[Excerpts from a dataset]

· · · · ·

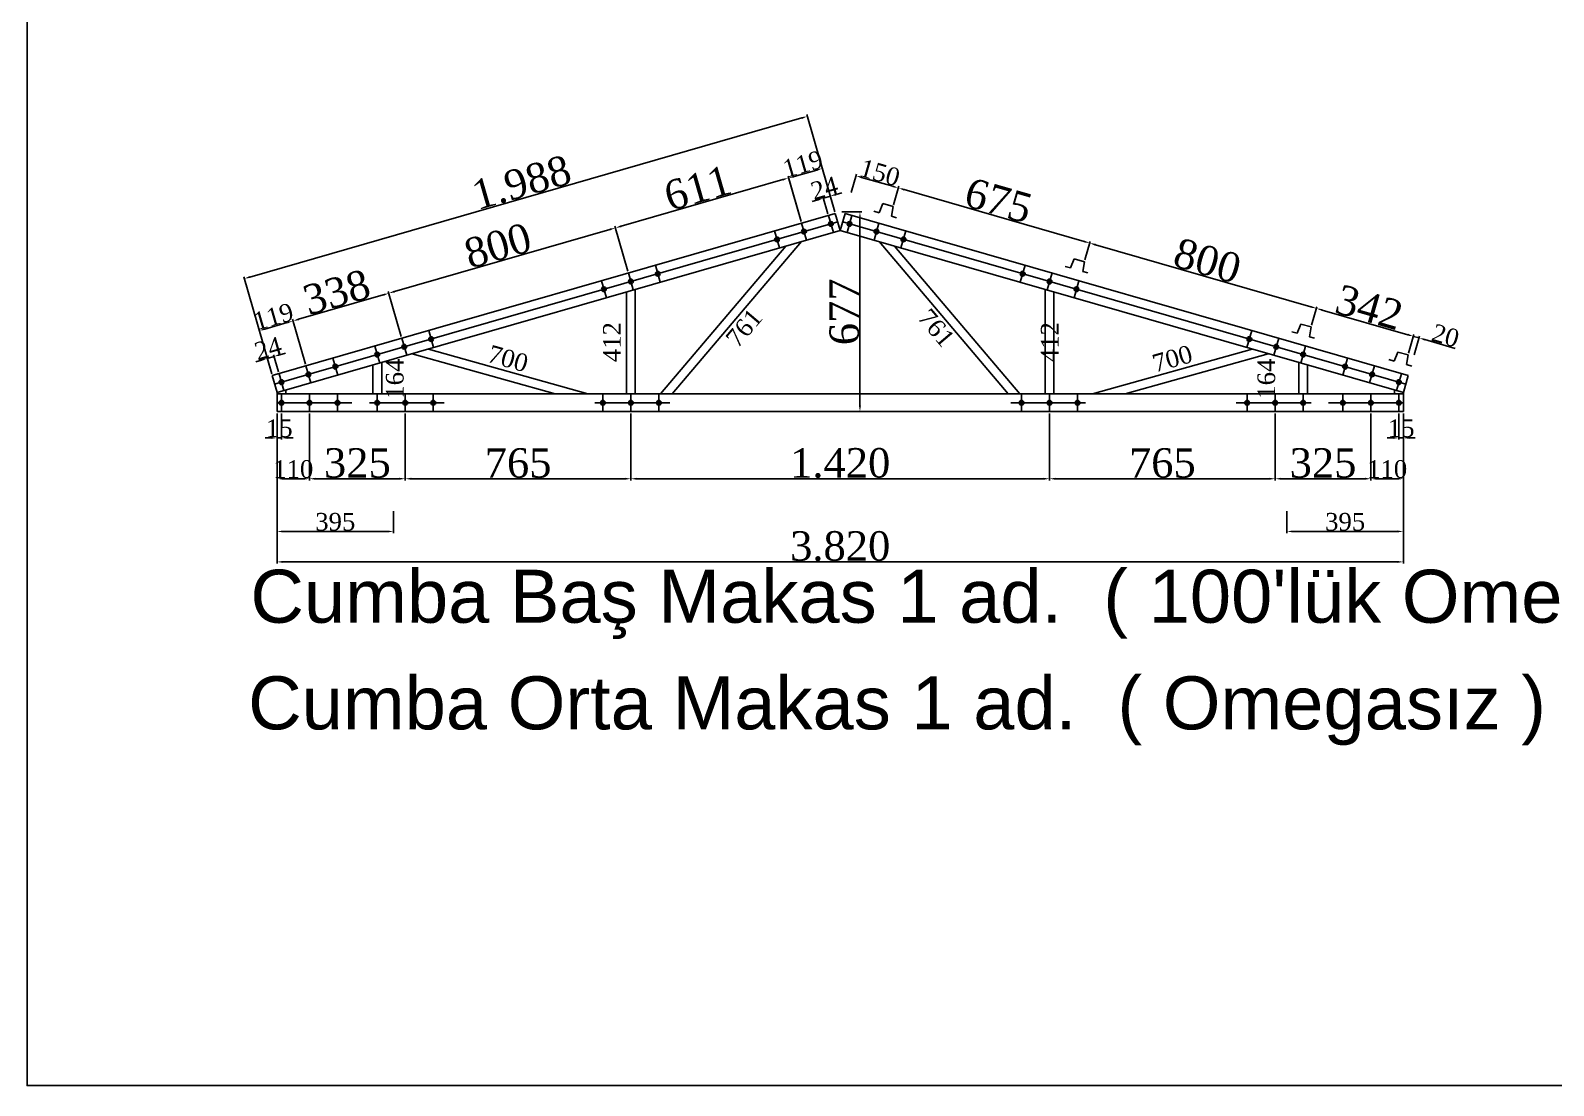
# Model space of a CAD drawing. Header units: millimetres. Extents: x 202729 to 220821, y -210537 to -202962.
# Drawn here: x 209934 to 215100, y -210537 to -206958 of the extents above; entities that cross this region are included whole.
import ezdxf

# ---------------------------------------------------------------- set-up
doc = ezdxf.new("R2010")
doc.units = ezdxf.units.MM
doc.header["$MEASUREMENT"] = 0
for name, color, linetype in [('Block1', 255, 'Continuous'), ('ZEMİN', 191, 'Continuous'), ('ÖLÇÜLENDİRME', 121, 'Continuous')]:
    doc.layers.add(name, color=color, linetype=linetype)
doc.styles.add('133', font='times.ttf')
doc.styles.get("Standard").update_dxf_attribs({"font": 'arial.ttf'})
doc.dimstyles.new('MAKAS', dxfattribs={"dimscale": 20, "dimtxt": 1.3, "dimasz": 1, "dimexe": 0.3, "dimexo": 0.3, "dimgap": 0.1, "dimtad": 1, "dimrnd": 1, "dimzin": 12, "dimdsep": 46, "dimlunit": 6, "dimtxsty": '133', "dimcen": 0.8, "dimdle": 0.0005, "dimclrd": 4, "dimclre": 6, "dimclrt": 2, "dimazin": 3, "dimtfac": 1, "dimtmove": 0, "dimatfit": 2, "dimldrblk": 'DOTSMALL', "dimfxl": 0, "dimtolj": 1, "dimtzin": 0, "dimarcsym": 0})
doc.dimstyles.new('makas 1', dxfattribs={"dimscale": 20, "dimtxt": 3, "dimasz": 1.2, "dimexe": 0.3, "dimexo": 0.3, "dimgap": 0.1, "dimtad": 1, "dimrnd": 1, "dimzin": 12, "dimdsep": 46, "dimlunit": 6, "dimtxsty": '133', "dimblk": 'NONE', "dimcen": 0.8, "dimdle": 0.0005, "dimse1": 1, "dimse2": 1, "dimsd1": 1, "dimsd2": 1, "dimclrd": 105, "dimclre": 42, "dimclrt": 2, "dimazin": 3, "dimtfac": 1, "dimtmove": 0, "dimatfit": 2, "dimldrblk": 'NONE', "dimfxl": 0, "dimtolj": 1, "dimtzin": 0, "dimarcsym": 0})

# ---------------------------------------------------------------- blocks, each defined once
blk = doc.blocks.new('*D7235')
at = {"layer": 'Defpoints', "color": 0}
for p in [(210760.4, -208064.1), (210753.9, -208129.2), (210777.2, -208122.5)]:
    blk.add_point(p, dxfattribs=at)
at = {"layer": 'ÖLÇÜLENDİRME', "color": 6, "lineweight": -2, "ltscale": 0.5}
for p, q in [((210752.3, -208123.5), (210735.4, -208065)), ((210775.6, -208116.8), (210758.7, -208058.3))]:
    blk.add_line(p, q, dxfattribs=at)
at = {"layer": 'ÖLÇÜLENDİRME', "color": 4, "lineweight": -2, "ltscale": 0.5}
for p, q in [((210737.1, -208070.8), (210760.4, -208064.1)), ((210779.6, -208058.5), (210798.8, -208053)), ((210717.9, -208076.3), (210698.6, -208081.9))]:
    blk.add_line(p, q, dxfattribs=at)
at = {"layer": 'ÖLÇÜLENDİRME', "color": 4}
for points in [[(210778.7, -208055.3), (210780.5, -208061.7), (210760.4, -208064.1)], [(210718.8, -208079.5), (210716.9, -208073.1), (210737.1, -208070.8)]]:
    blk.add_solid(points, dxfattribs=at)
at = {"layer": 'ÖLÇÜLENDİRME', "color": 2, "insert": (210739.9, -208036.7), "char_height": 60, "attachment_point": 5, "rotation": 16.0764, "style": '133'}
blk.add_mtext('\\A1;24', dxfattribs=at)
blk = doc.blocks.new('_DotSmall')
at = {"color": 0, "linetype": 'ByBlock', "const_width": 0.5}
blk.add_lwpolyline([(-0.0625, 0, 1), (0.0625, 0, 1)], format="xyb", close=True, dxfattribs=at)
blk = doc.blocks.new('*D7236')
at = {"layer": 'Defpoints', "color": 0}
for p in [(210824.5, -207943.6), (210868.5, -208096.2), (210753.9, -208129.2)]:
    blk.add_point(p, dxfattribs=at)
at = {"layer": 'ÖLÇÜLENDİRME', "color": 4, "lineweight": -2, "ltscale": 0.5}
blk.add_line((210729.1, -207971), (210805.3, -207949.1), dxfattribs=at)
at = {"layer": 'ÖLÇÜLENDİRME', "color": 6, "lineweight": -2, "ltscale": 0.5}
for p, q in [((210866.9, -208090.5), (210822.9, -207937.8)), ((210752.3, -208123.5), (210708.3, -207970.8))]:
    blk.add_line(p, q, dxfattribs=at)
at = {"layer": 'ÖLÇÜLENDİRME', "color": 4}
for points in [[(210806.2, -207952.3), (210804.4, -207945.9), (210824.5, -207943.6)], [(210728.2, -207967.8), (210730.1, -207974.2), (210709.9, -207976.6)]]:
    blk.add_solid(points, dxfattribs=at)
at = {"layer": 'ÖLÇÜLENDİRME', "color": 2, "insert": (210758.2, -207928.8), "char_height": 60, "attachment_point": 5, "rotation": 16.0764, "style": '133'}
blk.add_mtext('\\A1;119', dxfattribs=at)
blk = doc.blocks.new('*D7237')
at = {"layer": 'Defpoints', "color": 0}
for p in [(211149.5, -207849.9), (211193.5, -208002.6), (210868.5, -208096.2)]:
    blk.add_point(p, dxfattribs=at)
at = {"layer": 'ÖLÇÜLENDİRME', "color": 4, "lineweight": -2, "ltscale": 0.5}
blk.add_line((210843.7, -207938), (211130.3, -207855.4), dxfattribs=at)
at = {"layer": 'ÖLÇÜLENDİRME', "color": 6, "lineweight": -2, "ltscale": 0.5}
for p, q in [((211191.9, -207996.8), (211147.9, -207844.1)), ((210866.9, -208090.5), (210822.9, -207937.8))]:
    blk.add_line(p, q, dxfattribs=at)
at = {"layer": 'ÖLÇÜLENDİRME', "color": 4}
for points in [[(211131.2, -207858.6), (211129.4, -207852.2), (211149.5, -207849.9)], [(210842.8, -207934.8), (210844.7, -207941.2), (210824.5, -207943.6)]]:
    blk.add_solid(points, dxfattribs=at)
at = {"layer": 'ÖLÇÜLENDİRME', "color": 2, "insert": (210972.4, -207846), "char_height": 100, "attachment_point": 5, "rotation": 16.0764, "style": '133'}
blk.add_mtext('\\A1;338', dxfattribs=at)
blk = doc.blocks.new('*D7238')
at = {"layer": 'Defpoints', "color": 0}
for p in [(211918.1, -207628), (211962.2, -207781), (211193.5, -208002.6)]:
    blk.add_point(p, dxfattribs=at)
at = {"layer": 'ÖLÇÜLENDİRME', "color": 4, "lineweight": -2, "ltscale": 0.5}
blk.add_line((211168.6, -207844), (211898.9, -207633.5), dxfattribs=at)
at = {"layer": 'ÖLÇÜLENDİRME', "color": 6, "lineweight": -2, "ltscale": 0.5}
for p, q in [((211960.6, -207775.3), (211916.5, -207622.2)), ((211191.9, -207996.8), (211147.7, -207843.7))]:
    blk.add_line(p, q, dxfattribs=at)
at = {"layer": 'ÖLÇÜLENDİRME', "color": 4}
for points in [[(211899.8, -207636.7), (211898, -207630.3), (211918.1, -207628)], [(211167.7, -207840.8), (211169.6, -207847.2), (211149.4, -207849.5)]]:
    blk.add_solid(points, dxfattribs=at)
at = {"layer": 'ÖLÇÜLENDİRME', "color": 2, "insert": (211519.2, -207688.1), "char_height": 100, "attachment_point": 5, "rotation": 16.0764, "style": '133'}
blk.add_mtext('\\A1;800', dxfattribs=at)
blk = doc.blocks.new('*D7239')
at = {"layer": 'Defpoints', "color": 0}
for p in [(212505.2, -207458.8), (212549.3, -207611.8), (211962.2, -207781)]:
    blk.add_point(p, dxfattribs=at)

· · · · ·

_WORK REQUIRED_. Output must match the lines from the start of the records above through the line that contains "# Drawn here: x", exactly and with every picture removed.

_RESPONSE TO THIS TASK_.
# Model space of a CAD drawing. Header units: millimetres. Extents: x 202729 to 220821, y -210537 to -202962.
# Drawn here: x 209934 to 215100, y -210537 to -206958 of the extents above; entities that cross this region are included whole.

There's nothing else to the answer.